### Required work
Which lines have the string "header"? Copy all of them from the entries below.

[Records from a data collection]
• • • •

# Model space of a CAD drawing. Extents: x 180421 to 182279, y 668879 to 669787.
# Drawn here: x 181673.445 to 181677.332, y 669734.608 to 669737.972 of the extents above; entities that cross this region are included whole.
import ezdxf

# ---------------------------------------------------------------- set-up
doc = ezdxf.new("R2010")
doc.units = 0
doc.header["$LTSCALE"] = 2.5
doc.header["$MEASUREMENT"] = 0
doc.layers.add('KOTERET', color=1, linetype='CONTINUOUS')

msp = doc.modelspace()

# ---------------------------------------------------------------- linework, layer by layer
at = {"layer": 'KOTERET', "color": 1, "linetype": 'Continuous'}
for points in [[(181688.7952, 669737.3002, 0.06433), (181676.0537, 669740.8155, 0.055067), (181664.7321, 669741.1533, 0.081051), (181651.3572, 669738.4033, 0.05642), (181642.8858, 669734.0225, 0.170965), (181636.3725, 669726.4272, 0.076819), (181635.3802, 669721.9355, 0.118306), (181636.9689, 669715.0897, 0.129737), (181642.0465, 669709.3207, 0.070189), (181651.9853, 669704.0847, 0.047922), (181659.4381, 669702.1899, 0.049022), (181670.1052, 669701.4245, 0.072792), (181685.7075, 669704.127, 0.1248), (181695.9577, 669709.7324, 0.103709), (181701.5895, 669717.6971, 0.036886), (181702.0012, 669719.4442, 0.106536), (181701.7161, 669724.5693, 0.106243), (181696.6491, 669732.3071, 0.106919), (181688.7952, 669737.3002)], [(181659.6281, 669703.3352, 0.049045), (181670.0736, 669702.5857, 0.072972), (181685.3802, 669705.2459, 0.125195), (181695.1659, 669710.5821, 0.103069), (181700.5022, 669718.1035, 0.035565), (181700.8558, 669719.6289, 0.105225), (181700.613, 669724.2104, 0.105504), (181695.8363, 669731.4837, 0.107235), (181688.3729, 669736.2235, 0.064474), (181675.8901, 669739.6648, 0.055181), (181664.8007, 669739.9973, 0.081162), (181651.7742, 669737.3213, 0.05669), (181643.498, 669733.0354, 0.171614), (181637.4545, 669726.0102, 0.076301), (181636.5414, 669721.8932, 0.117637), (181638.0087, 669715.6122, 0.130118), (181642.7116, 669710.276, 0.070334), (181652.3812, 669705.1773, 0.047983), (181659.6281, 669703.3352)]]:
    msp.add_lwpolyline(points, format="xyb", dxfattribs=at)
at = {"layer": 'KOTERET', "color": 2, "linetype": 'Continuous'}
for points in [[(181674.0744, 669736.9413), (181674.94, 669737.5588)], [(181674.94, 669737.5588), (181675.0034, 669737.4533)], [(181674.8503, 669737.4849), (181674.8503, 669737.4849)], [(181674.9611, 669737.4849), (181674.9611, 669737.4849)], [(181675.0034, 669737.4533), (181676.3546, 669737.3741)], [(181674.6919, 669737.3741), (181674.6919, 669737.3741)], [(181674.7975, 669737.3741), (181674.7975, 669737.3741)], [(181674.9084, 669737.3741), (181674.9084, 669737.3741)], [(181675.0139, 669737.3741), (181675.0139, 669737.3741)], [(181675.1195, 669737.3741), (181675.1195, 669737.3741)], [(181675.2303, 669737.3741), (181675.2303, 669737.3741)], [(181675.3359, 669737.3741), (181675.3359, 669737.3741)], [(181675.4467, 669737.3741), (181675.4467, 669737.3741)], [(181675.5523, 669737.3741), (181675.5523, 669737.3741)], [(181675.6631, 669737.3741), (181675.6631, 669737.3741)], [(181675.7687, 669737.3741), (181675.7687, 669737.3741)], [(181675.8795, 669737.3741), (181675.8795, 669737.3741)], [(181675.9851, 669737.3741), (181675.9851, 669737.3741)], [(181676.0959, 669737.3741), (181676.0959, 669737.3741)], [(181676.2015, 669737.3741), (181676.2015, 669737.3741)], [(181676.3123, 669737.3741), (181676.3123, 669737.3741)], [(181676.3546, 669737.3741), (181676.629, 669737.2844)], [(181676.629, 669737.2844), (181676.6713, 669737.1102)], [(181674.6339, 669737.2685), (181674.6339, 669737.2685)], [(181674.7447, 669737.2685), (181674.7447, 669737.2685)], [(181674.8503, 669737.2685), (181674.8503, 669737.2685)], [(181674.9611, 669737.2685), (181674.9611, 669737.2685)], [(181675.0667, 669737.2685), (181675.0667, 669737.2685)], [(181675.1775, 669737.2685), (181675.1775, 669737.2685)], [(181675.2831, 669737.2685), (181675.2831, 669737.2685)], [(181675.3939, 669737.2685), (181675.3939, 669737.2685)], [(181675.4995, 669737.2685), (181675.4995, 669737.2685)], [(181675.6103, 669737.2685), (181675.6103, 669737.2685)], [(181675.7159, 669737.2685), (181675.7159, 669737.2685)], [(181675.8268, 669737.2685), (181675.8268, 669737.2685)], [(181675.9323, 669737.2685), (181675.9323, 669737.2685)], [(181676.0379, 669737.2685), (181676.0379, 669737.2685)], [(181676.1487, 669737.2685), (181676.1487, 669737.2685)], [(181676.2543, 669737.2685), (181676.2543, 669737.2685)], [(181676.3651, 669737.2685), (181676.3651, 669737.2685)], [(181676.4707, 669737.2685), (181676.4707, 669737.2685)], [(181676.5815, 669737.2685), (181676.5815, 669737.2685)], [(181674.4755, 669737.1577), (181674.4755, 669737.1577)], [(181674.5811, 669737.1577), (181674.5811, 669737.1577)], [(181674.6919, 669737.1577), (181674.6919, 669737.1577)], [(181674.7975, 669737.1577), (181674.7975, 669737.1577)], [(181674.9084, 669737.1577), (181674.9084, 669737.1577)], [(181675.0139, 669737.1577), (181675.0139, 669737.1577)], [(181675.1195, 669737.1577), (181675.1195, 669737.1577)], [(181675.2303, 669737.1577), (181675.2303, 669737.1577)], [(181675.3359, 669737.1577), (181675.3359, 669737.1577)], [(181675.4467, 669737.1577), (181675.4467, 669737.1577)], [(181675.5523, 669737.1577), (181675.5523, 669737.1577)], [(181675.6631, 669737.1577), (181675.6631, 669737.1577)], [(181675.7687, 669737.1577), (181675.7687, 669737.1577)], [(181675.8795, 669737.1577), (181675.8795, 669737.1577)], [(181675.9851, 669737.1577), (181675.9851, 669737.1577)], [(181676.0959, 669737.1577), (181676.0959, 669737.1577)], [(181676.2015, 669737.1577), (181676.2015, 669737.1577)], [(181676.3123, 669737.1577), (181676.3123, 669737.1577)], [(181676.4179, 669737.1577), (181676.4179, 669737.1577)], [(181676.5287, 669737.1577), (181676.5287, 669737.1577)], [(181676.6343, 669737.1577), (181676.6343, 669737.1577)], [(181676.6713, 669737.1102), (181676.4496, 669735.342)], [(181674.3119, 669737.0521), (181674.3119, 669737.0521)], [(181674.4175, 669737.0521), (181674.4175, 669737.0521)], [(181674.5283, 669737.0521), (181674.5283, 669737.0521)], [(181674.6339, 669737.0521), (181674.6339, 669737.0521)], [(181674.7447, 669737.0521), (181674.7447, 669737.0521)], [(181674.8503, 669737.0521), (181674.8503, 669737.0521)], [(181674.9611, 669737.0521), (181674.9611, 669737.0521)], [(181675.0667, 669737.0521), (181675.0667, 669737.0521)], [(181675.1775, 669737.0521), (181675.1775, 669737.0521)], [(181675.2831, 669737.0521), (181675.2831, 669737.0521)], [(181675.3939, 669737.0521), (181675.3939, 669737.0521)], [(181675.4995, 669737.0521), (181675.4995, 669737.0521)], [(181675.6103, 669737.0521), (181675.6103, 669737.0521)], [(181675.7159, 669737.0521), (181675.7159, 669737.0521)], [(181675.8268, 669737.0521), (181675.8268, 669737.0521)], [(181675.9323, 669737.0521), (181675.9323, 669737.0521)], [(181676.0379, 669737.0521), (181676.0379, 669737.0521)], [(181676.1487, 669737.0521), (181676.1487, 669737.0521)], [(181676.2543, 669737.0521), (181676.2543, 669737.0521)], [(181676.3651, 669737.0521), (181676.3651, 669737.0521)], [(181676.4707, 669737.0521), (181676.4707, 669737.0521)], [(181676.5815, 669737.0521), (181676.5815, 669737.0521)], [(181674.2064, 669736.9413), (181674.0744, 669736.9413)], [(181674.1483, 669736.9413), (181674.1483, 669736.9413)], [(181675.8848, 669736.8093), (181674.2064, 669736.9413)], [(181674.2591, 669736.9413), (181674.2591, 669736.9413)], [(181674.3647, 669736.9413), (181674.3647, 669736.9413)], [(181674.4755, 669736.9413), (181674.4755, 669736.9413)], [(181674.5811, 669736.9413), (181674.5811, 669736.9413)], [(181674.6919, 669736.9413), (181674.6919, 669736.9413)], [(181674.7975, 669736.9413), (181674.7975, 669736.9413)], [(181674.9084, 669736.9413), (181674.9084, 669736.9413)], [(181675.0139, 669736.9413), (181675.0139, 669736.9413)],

• • • •

### Result
doc.header["$LTSCALE"] = 2.5
doc.header["$MEASUREMENT"] = 0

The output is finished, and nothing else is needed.